We kept climbing and climbing, and we reached the snow line, galloping with the horses through the mist and surrounded by cactuses covered in snow - such tenacious creatures cacti. And yummy to eat too!

It was the sort of scenery that provokes dramatic scences in your mind - cold blooded murders, passionate love scenes in the desert, cunning escapes... all these images leap involuntarily into your mind as you ride along.

I didnt have batteries in my camera so will load some borrowed photos shortly!

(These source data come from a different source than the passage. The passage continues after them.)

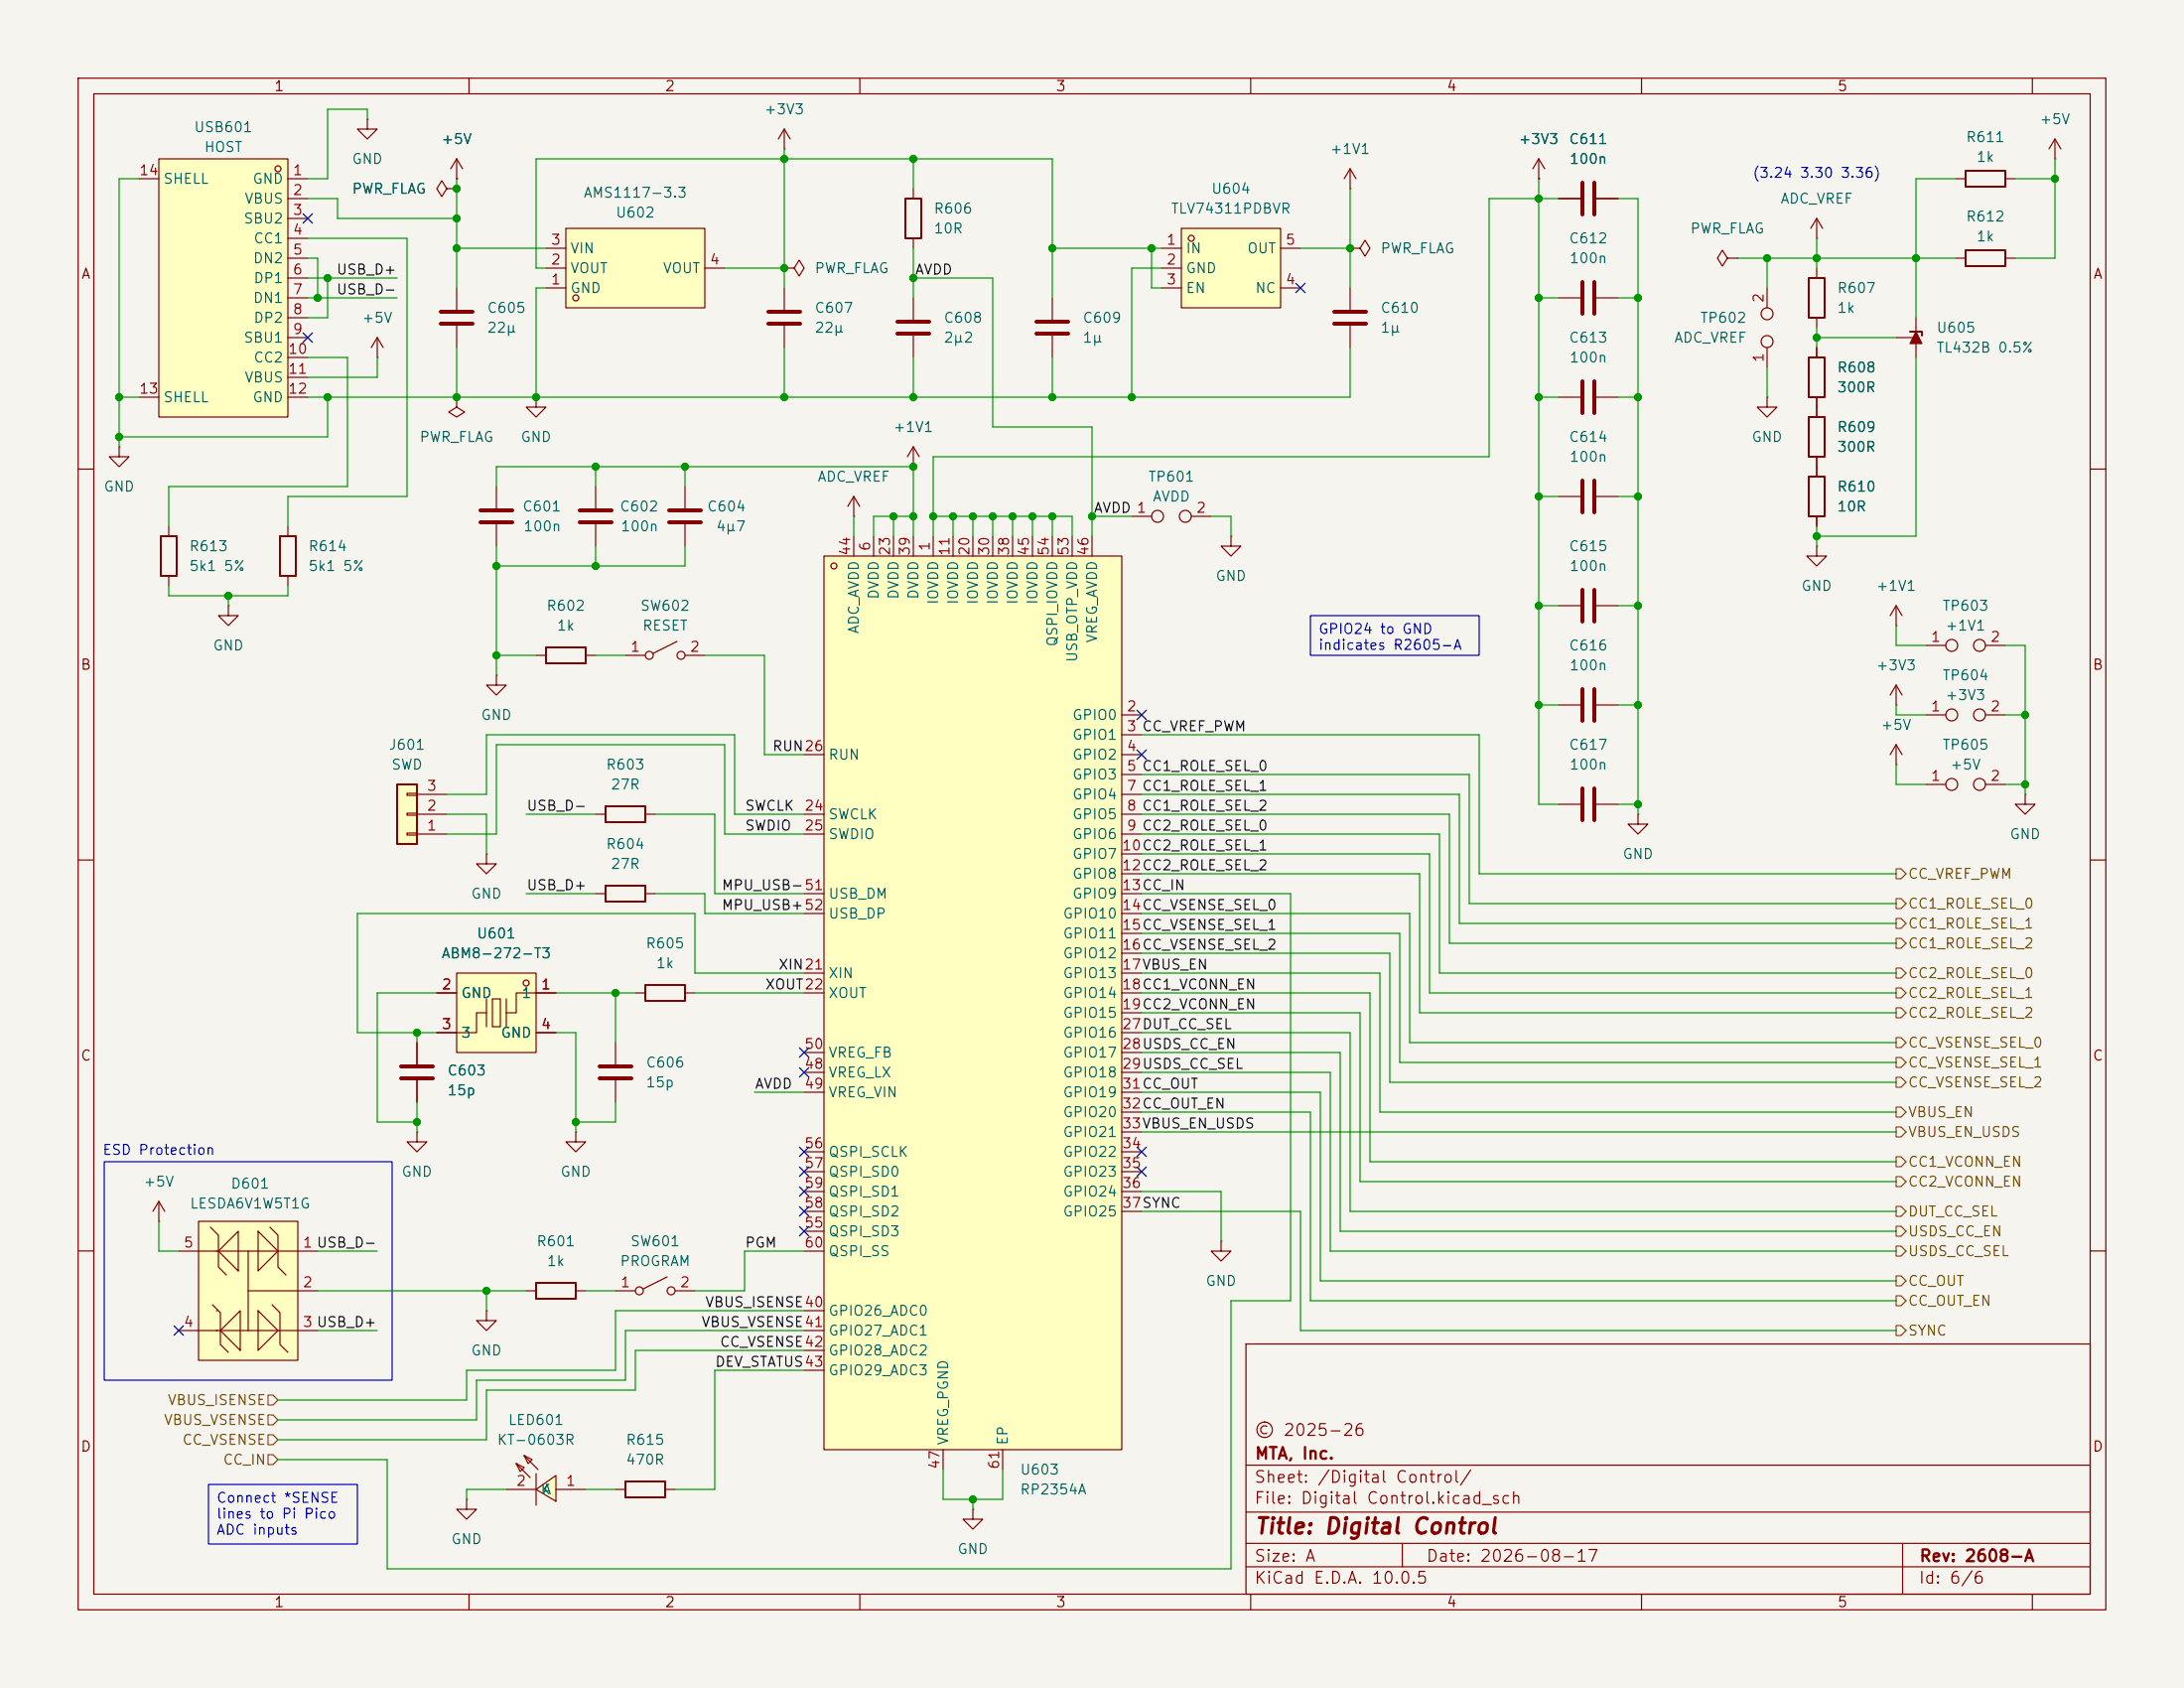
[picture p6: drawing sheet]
<svg xmlns="http://www.w3.org/2000/svg" width="279mm" height="216mm" viewBox="0 0 279 216" stroke-linecap="round" stroke-linejoin="round" font-family="sans-serif">
<path d="M0 0h279.4v215.9h-279.4z" fill="#f5f4ef" stroke="#f5f4ef" stroke-width=".13"/>
<g fill="none" stroke="#840000" stroke-width=".15">
<path d="M10 10h259.4v195.9h-259.4zM12 12h255.4v191.9h-255.4zM60 10v2M100.3 19.1h.1M100.3 16.5l-.7 1.3M100.3 16.5l.8 1.3M100.3 16.5v2.6M110 10v2M160 10v2M210 10v2M260 10v2M57.1 24.1l-.6-1-.6 1 .6 1 .6-1h1.3"/>
<path d="M58.4 24.1h.1M172.7 31.8h1.3l.6-1.1 .7 1.1-.7 1-.6-1M172.7 31.8h.1M199.4 25.4h2.8M199.4 38.1h2.8M204.2 25.4h2.8M204.2 38.1h2.8M116.8 59.7h.1M116.8 57.2l.8 1.2M116.8 57.2l-.7 1.2M116.8 57.2v2.5M199.4 50.8h2.8"/>
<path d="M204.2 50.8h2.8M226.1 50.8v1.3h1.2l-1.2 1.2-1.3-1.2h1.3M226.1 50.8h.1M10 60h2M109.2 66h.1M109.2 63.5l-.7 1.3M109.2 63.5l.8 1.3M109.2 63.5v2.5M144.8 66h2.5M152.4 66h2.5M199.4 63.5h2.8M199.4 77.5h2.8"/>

I just spent an hour looking for postage stamps

Man I do love this country, but at times the processes are infuriating. I just spent an hour traipsing around searching for the most hidden post office in the world, only to find it was closed at an unpredictable hour.. then tried countless papelerias (newsagents) who apparently could give me postal stamps. I gave up after the fourth try, and was told that actually, papelerias no longer sell stamps. This is of course after a wild goose chase up and down the Avenida Revolucion, (directions in mexico seem to very approximate: ' yeah, just straight ahead' can mean actually two blocks ahead and around the corner and across the road).
And dont get me started on the process for borrowing a book at an english language library here... that is a touchy subject with me at the moment. he he.
But it's all part of the cultural immersion and fun, eh?


I finished my first piece of homework today. Monday was the 90th anniversary of the Mexican Constitution, so for my history of law class I had to write a short interpretation of an article from a newspaper about the anniversary. I bashed out a rather cheeky critique of President Calderon's call for constitutional reform, labelling his speech as nothing more than empty rhetoric with no considered goals. It was fun to get feisty in another language!!